Vor Allem hat man ja einen Stückpreis pro Prüfung (den man, wenn man möchte, ja auch noch verhandeln kann) ...


----------



## Raijin Tycho (4 März 2021)

Ist halt immer nicht so einfach. Der Chef stellt sich das halt ganz toll vor. Es sollen ja auch unsere gebauten Maschinen vor Auslieferung geprüft werden. Da ist es halt verlockend das auf das vorhandene Personal abzuwälzen, Die kosten dann ja nicht mehr, sind immer da und müssen ja auch auf trab gehalten werden.
 Das dann der ganze Rattenschwanz mit Messgeräten und Schulungen etc. hinterher kommt, wird da gerne unterschätzt/übersehen.


----------



## JSEngineering (4 März 2021)

Raijin Tycho schrieb:


> Die kosten dann ja nicht mehr, sind immer da



Naja: Während der Schulung sind sie reihum nicht da... und wenn ein Mitarbeiter das Unternehmen verläßt, verläßt auch diese "Fähigkeit" das Unternehmen.
Und die kosten nicht mehr: Kommt auf den Mitarbeiter an. Die neue Befähigung kann man auch als Aufhänger für eine Lohnerhöhung nutzen - früher oder später... man hat ja auch einen Zuwachs an Verantwortung...

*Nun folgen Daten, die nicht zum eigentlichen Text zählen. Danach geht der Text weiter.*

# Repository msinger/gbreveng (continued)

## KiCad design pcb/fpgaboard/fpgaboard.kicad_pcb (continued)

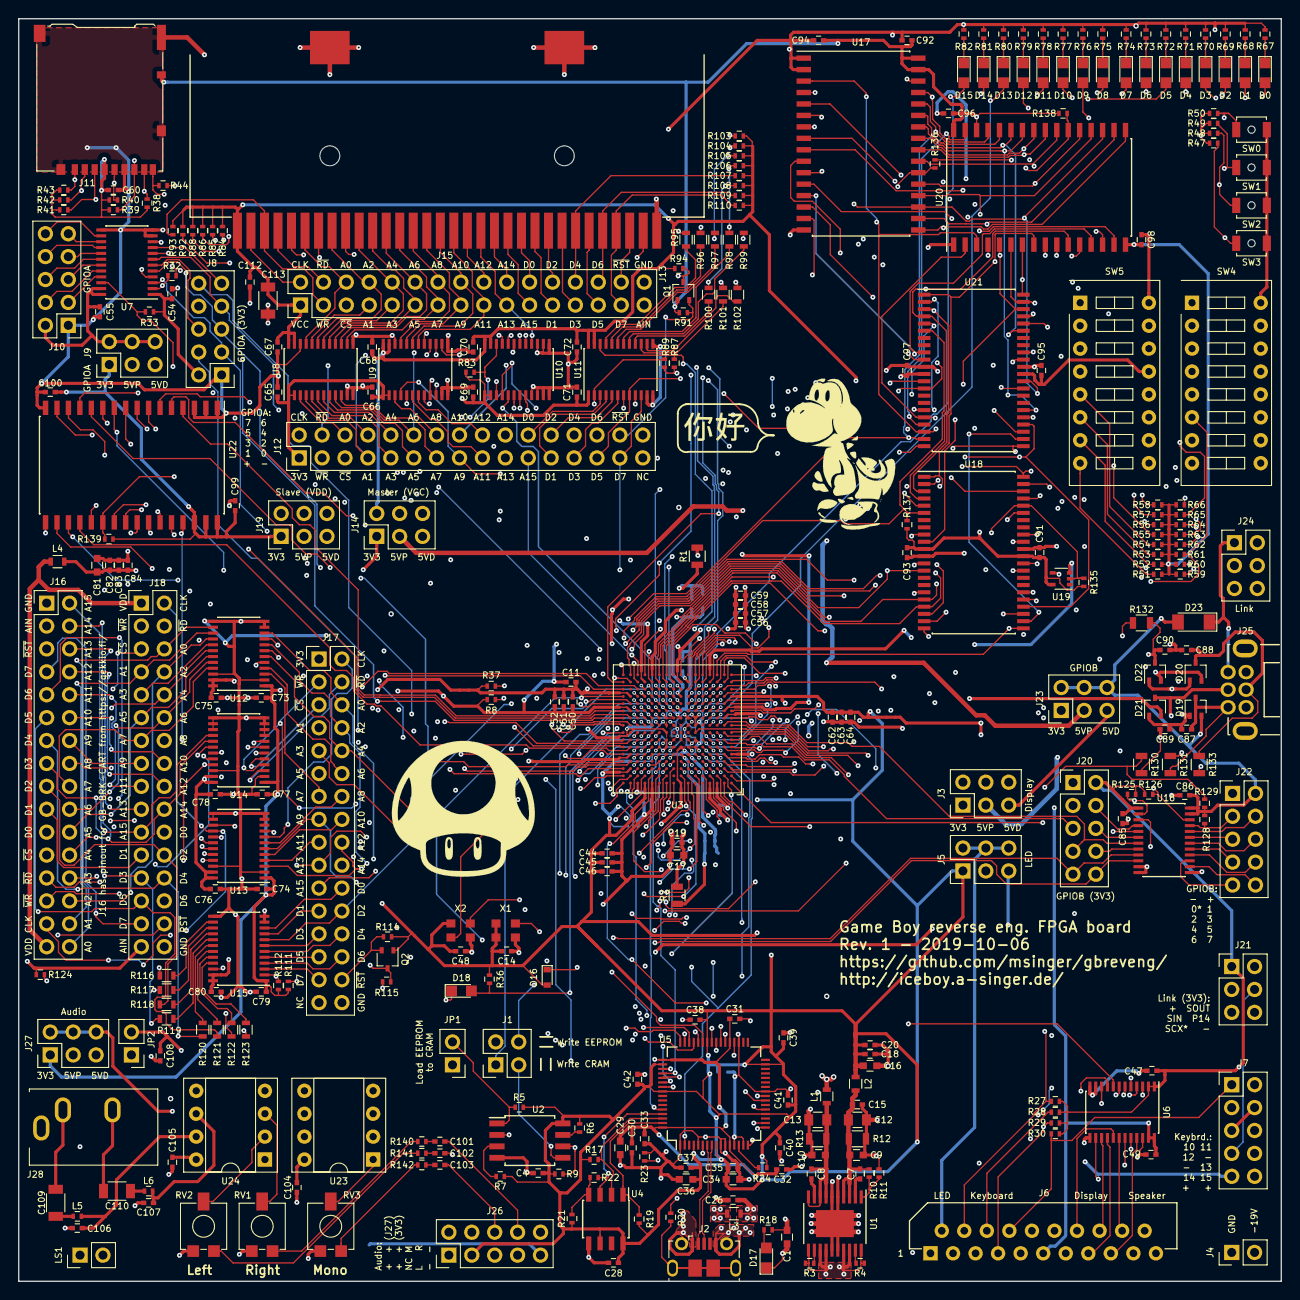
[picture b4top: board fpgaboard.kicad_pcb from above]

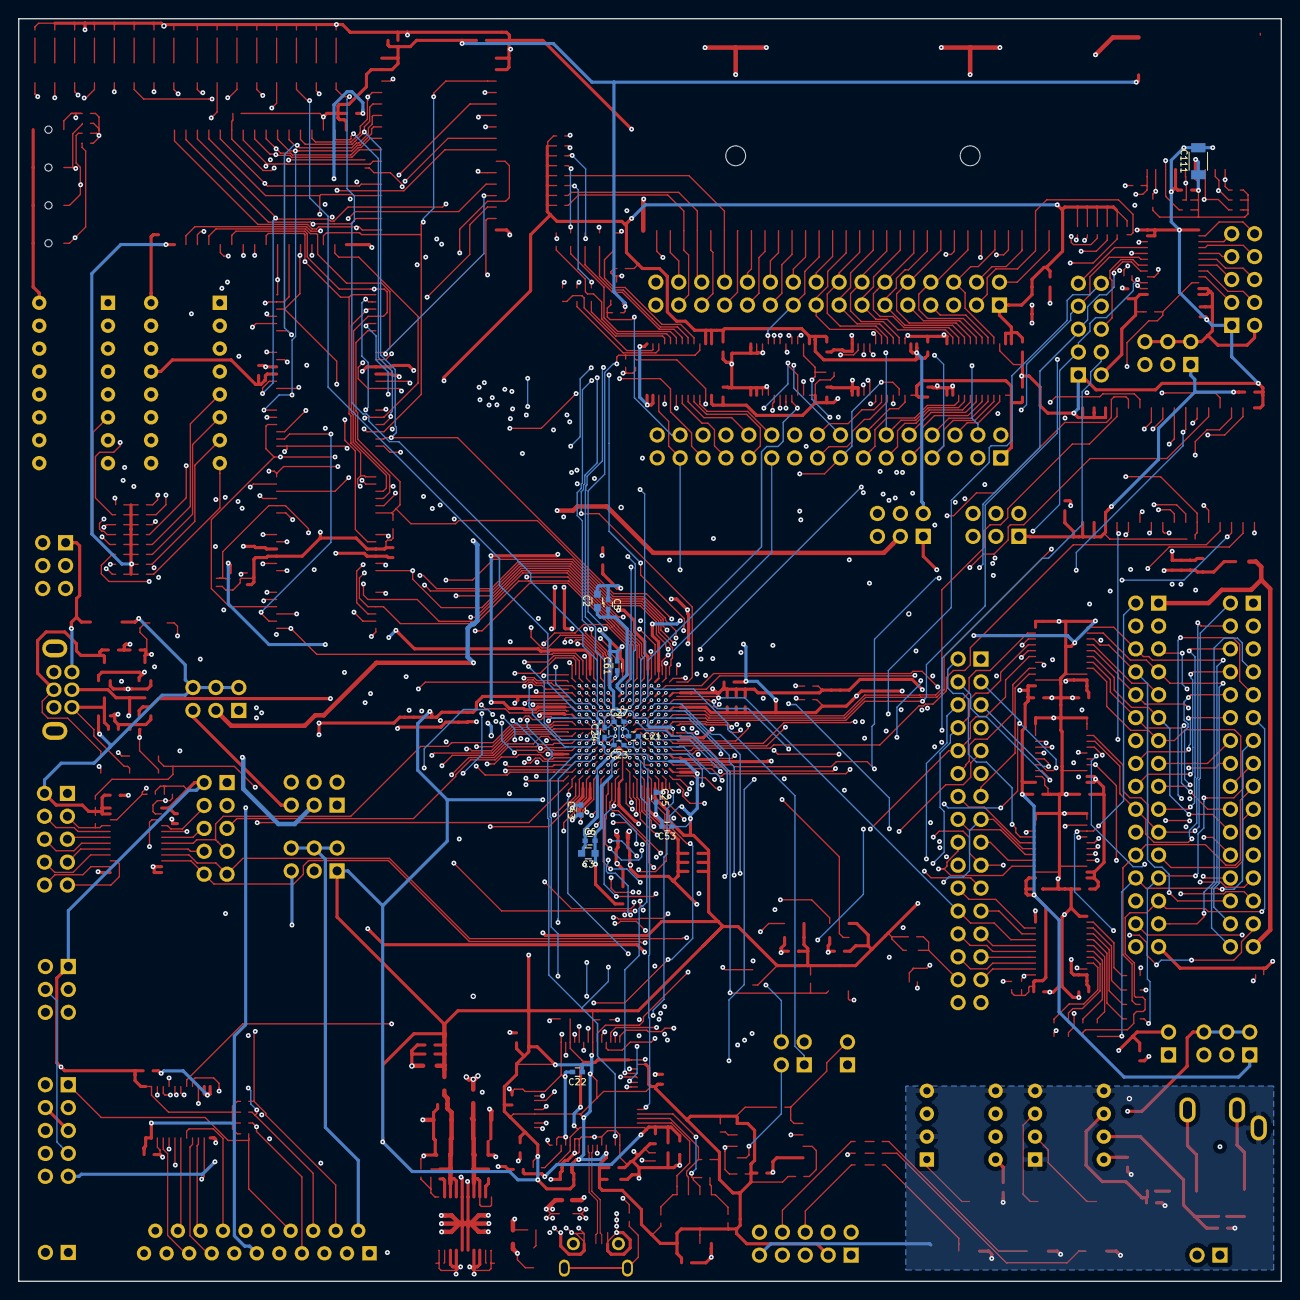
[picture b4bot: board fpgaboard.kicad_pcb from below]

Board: 4 copper layers, 140.0 x 140.0 mm, 342 parts (14 on the bottom side), 391 nets.

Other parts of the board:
G1: Yoshi
G2: hello
G3: shroom

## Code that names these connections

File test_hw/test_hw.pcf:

# For the Game Boy reverse eng. FPGA board

# Clock & Reset
set_io clk12m      J3
set_io clk16m      C8
set_io clk16m_en   F9

# LEDs
set_io led[0]      N4
set_io led[1]      R1
set_io led[2]      M5
set_io led[3]      P2
set_io led[4]      M4
set_io led[5]      P1
set_io led[6]      N3
set_io led[7]      L5
set_io led[8]      M3
set_io led[9]      M6
set_io led[10]     N2
set_io led[11]     L7
set_io led[12]     M2
set_io led[13]     K5
set_io led[14]     L3
set_io led[15]     L6

# Switches
set_io sw[0]       K3
set_io sw[1]       K1
set_io sw[2]       E2
set_io sw[3]       H5
set_io sw[4]       E3
set_io sw[5]       G4
set_io sw[6]       D1
set_io sw[7]       G5
set_io sw[8]       D2
set_io sw[9]       F4
set_io sw[10]      C2
set_io sw[11]      C1
set_io sw[12]      B1
set_io sw[13]      J1
set_io sw[14]      K11
set_io sw[15]      P13

# Buttons
set_io btn[0]      M1
set_io btn[1]      K4
set_io btn[2]      L1
set_io btn[3]      L4

# FT245 parallel FIFO
set_io ft245_d[0]  B10
set_io ft245_d[1]  B12
set_io ft245_d[2]  B13
set_io ft245_d[3]  A15
set_io ft245_d[4]  A16
set_io ft245_d[5]  B14
set_io ft245_d[6]  B15
set_io ft245_d[7]  C14
set_io ft245_n_rxf D13
set_io ft245_n_txe E10
set_io ft245_n_rd  D11
set_io ft245_n_wr  C11
set_io ft245_siwu  C13

# Audio PWMs
set_io chl         B2
set_io chr         E4
set_io chm         F5

# Joypad
set_io p10         C3
set_io p11         D3
set_io p12         E5
set_io p13         D4
set_io p14         B3
set_io p15         C4

# Master Address Bus
set_io madr[0]     L10
set_io madr[1]     R10
set_io madr[2]     T9
set_io madr[3]     N9
set_io madr[4]     P7
set_io madr[5]     T8
set_io madr[6]     T7
set_io madr[7]     L9
set_io madr[8]     T6
set_io madr[9]     P8
set_io madr[10]    T5
set_io madr[11]    M8
set_io madr[12]    P6
set_io madr[13]    N7
set_io madr[14]    T3
set_io madr[15]    R5
set_io madr[16]    P10
set_io madr[17]    N10
set_io madr[18]    T10
set_io madr[19]    T11
set_io madr[20]    T15

# Master Data Bus
set_io mdata[0]    R3
set_io mdata[1]    P5
set_io mdata[2]    T2
set_io mdata[3]    N5
set_io mdata[4]    R2
set_io mdata[5]    P4
set_io mdata[6]    T1
set_io mdata[7]    N6

# Master R/W
set_io n_mrd       R6
set_io n_mwr       M9
set_io n_prog      R9

# Master Chip Selects
set_io n_mcs_rom   T14 # A15 (ROM CS) on cartridge connector
set_io n_mcs_xram  M11 # nCS (RAM CS) on cartridge connector
set_io n_mcs_wram  R16 # WRAM
set_io n_mcs_crom  N12 # onboard cartridge ROM
set_io n_mcs_cram  L11 # onboard cartridge RAM

# Master Clock & Reset
set_io mphi        K9
set_io n_mreset    R4

# Master Bus Level Shifters
set_io n_moe       P9  # output enable for n_mrd, n_mwr, n_mcs_xram, n_mcs_rom and madr[14:13]
set_io n_moed      M7  # output enable for mdata[7:0]
set_io mdir        T13 # direction for mdata[7:0]

# Slave Address Bus
set_io adr[0]      A6
set_io adr[1]      D7
set_io adr[2]      C6
set_io adr[3]      B6
set_io adr[4]      B7
set_io adr[5]      C7
set_io adr[6]      D9
set_io adr[7]      E9
set_io adr[8]      C9
set_io adr[9]      D10
set_io adr[10]     A11
set_io adr[11]     A10
set_io adr[12]     C10
set_io adr[13]     B11
set_io adr[14]     A7

# Slave Data Bus
set_io data[0]     M14
set_io data[1]     L12
set_io data[2]     N16
set_io data[3]     L13
set_io data[4]     L14
set_io data[5]     K12
set_io data[6]     M16
set_io data[7]     J10

# Slave R/W
set_io n_rd        D8
set_io n_wr        A9

# Slave Chip Selects
set_io n_cs_rom    B8  # A15 (ROM CS) on cartridge connector
set_io n_cs_xram   M15 # nCS (RAM CS) on cartridge connector

# Slave Clock & Reset
set_io phi         F7
set_io n_reset     J11

# Slave Bus Level Shifters
set_io n_soe       P16
set_io sdir        P14

# VRAM Address Bus
set_io vadr[0]     E16
set_io vadr[1]     G13
set_io vadr[2]     D16
set_io vadr[3]     G12
set_io vadr[4]     F14
set_io vadr[5]     F12
set_io vadr[6]     D15
set_io vadr[7]     F11
set_io vadr[8]     C16
set_io vadr[9]     F13
set_io vadr[10]    B16
set_io vadr[11]    E13
set_io vadr[12]    L16
set_io vadr[13]    K13

# VRAM Data Bus
set_io vdata[0]    G16
set_io vdata[1]    H12
set_io vdata[2]    G15
set_io vdata[3]    G10
set_io vdata[4]    F16
set_io vdata[5]    G11
set_io vdata[6]    F15
set_io vdata[7]    G14

# Master R/W & Chip Select
set_io n_vrd       D14
set_io n_vwr       E14
set_io n_vcs       J12

# GPIO A
set_io pa[0]       H11
set_io pa[1]       H13
set_io pa[2]       J16
set_io pa[3]       J13
set_io pa[4]       J14
set_io pa[5]       K16
set_io pa[6]       J15
set_io pa[7]       K14
set_io n_pa_oe     R14
set_io pa_dir      R15

# GPIO B
set_io pb[0]       G1  # External Link Port SCX
set_io pb[1]       J5
set_io pb[2]       G2
set_io pb[3]       H4
set_io pb[4]       J2
set_io pb[5]       J4
set_io pb[6]       H16
set_io pb[7]       H14
set_io n_pb_oe     H1
set_io pb_dir      H2

# External Link Port
set_io sin         F3
set_io sout        G3

# SDCard
set_io sd_sw       K15
set_io sd_clk      M12
set_io sd_cmd      T16
set_io sd_data[0]  F1
set_io sd_data[1]  H6
set_io sd_data[2]  F2
set_io sd_data[3]  H3

# Display
set_io lcd_hsync   C5
set_io lcd_vsync   A1
set_io lcd_latch   A2
set_io lcd_altsig  D5
set_io lcd_ctrl    A5
set_io lcd_clk     B4
set_io lcd_data[0] B5
set_io lcd_data[1] E6

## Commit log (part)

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2018-11-11 add bus access table
2018-11-11 add dummy tables for DMA bus access
2018-11-11 add background color to tables based on bus type
2018-11-12 update timings comment
2018-11-13 add comments with DMA and VRAM timings
2018-11-18 new measurements
2018-11-23 added genclk code for clocking GB by FPGA
2018-11-23 print summary after ./configure
2018-11-24 glitch through FF50 write instruction
    Trophy unlocked!
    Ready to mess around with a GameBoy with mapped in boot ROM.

Wie nennt man das so schön: Milchmädchenrechnung...
Das muß man dem Chef nur mal alles klar machen. Das kommt immer auch mit auf die Größe des Unternehmens an: Je größer das ist, desto eher macht es Sinn, eigene Leute dafür vorzuhalten, die sind dann aber auch voll nur damit beschäftigt.


----------



## Larry Laffer (4 März 2021)

Wieviele Maschinen baut ihr denn so ?
Das mit dem Outsourcen bezog ich jetzt auch mehr auf die allgemeinen Geräteprüfungen, die sich ja zyklisch wiederholen und wo ihr den Zyklus ja auch noch begründen und dokumentieren müßt.
Bei den Maschinen, die ihr selber herstellt macht es sicherlich Sinn, das selbst zu prüfen. Das Schulungen und Messgeräte-Thema bleibt dabei natürlich bestehen. Das ist preislich auch nicht zu unterschätzen ...

Gruß
Larry


----------



## rostiger Nagel (4 März 2021)

Das würde ich auch trennen, die Maschinen die man baut und verkauft, würde
ich selber messen. Den Rechner vom Chef würde ich Outsourcen, vor allen Dingen
würde ich niemals unter den Schreibtisch vom Chef kriechen wollen


----------



## Larry Laffer (4 März 2021)

rostiger Nagel schrieb:


> ... vor allen Dingen würde ich niemals unter den Schreibtisch vom Chef kriechen wollen


Ist das so schlimm bei euch ... 8)   könnte doch auch ganz interessant sein ...


----------



## Sps-rookie (11 März 2021)

Larry Laffer schrieb:


> Das stimmt so - ansonsten ist es ein Organisations-Verschulden ...
> 
> 
> Noch einmal zu Bestellen :  auch deine Elektriker müssen von der Firma als EFK bestellt werden und in dieser Bestellung sollte der Tätigkeitsbereich einigermaßen beschrieben sein.
> ...



Das mit der Bestellung deiner EFK´s ist sehr wichtig. Davor muss aber die Qualifikation der MA überprüft werden. Anhand dieser Überprüfung kann dann auch nach gearbeitet werden z.B. Messungen. Dies wird dann in einer schönen Checkliste / Einarbeitungsplan zur Überprüfung der Qualifikation eingetragen und zu Bestellung geheftet.

Ich mach diese Überprüfung immer mit dem jährlichen Personalgespäch. So git es auch immer gelich was als Ziel zu Vereinbaren z.B. Schulung.


----------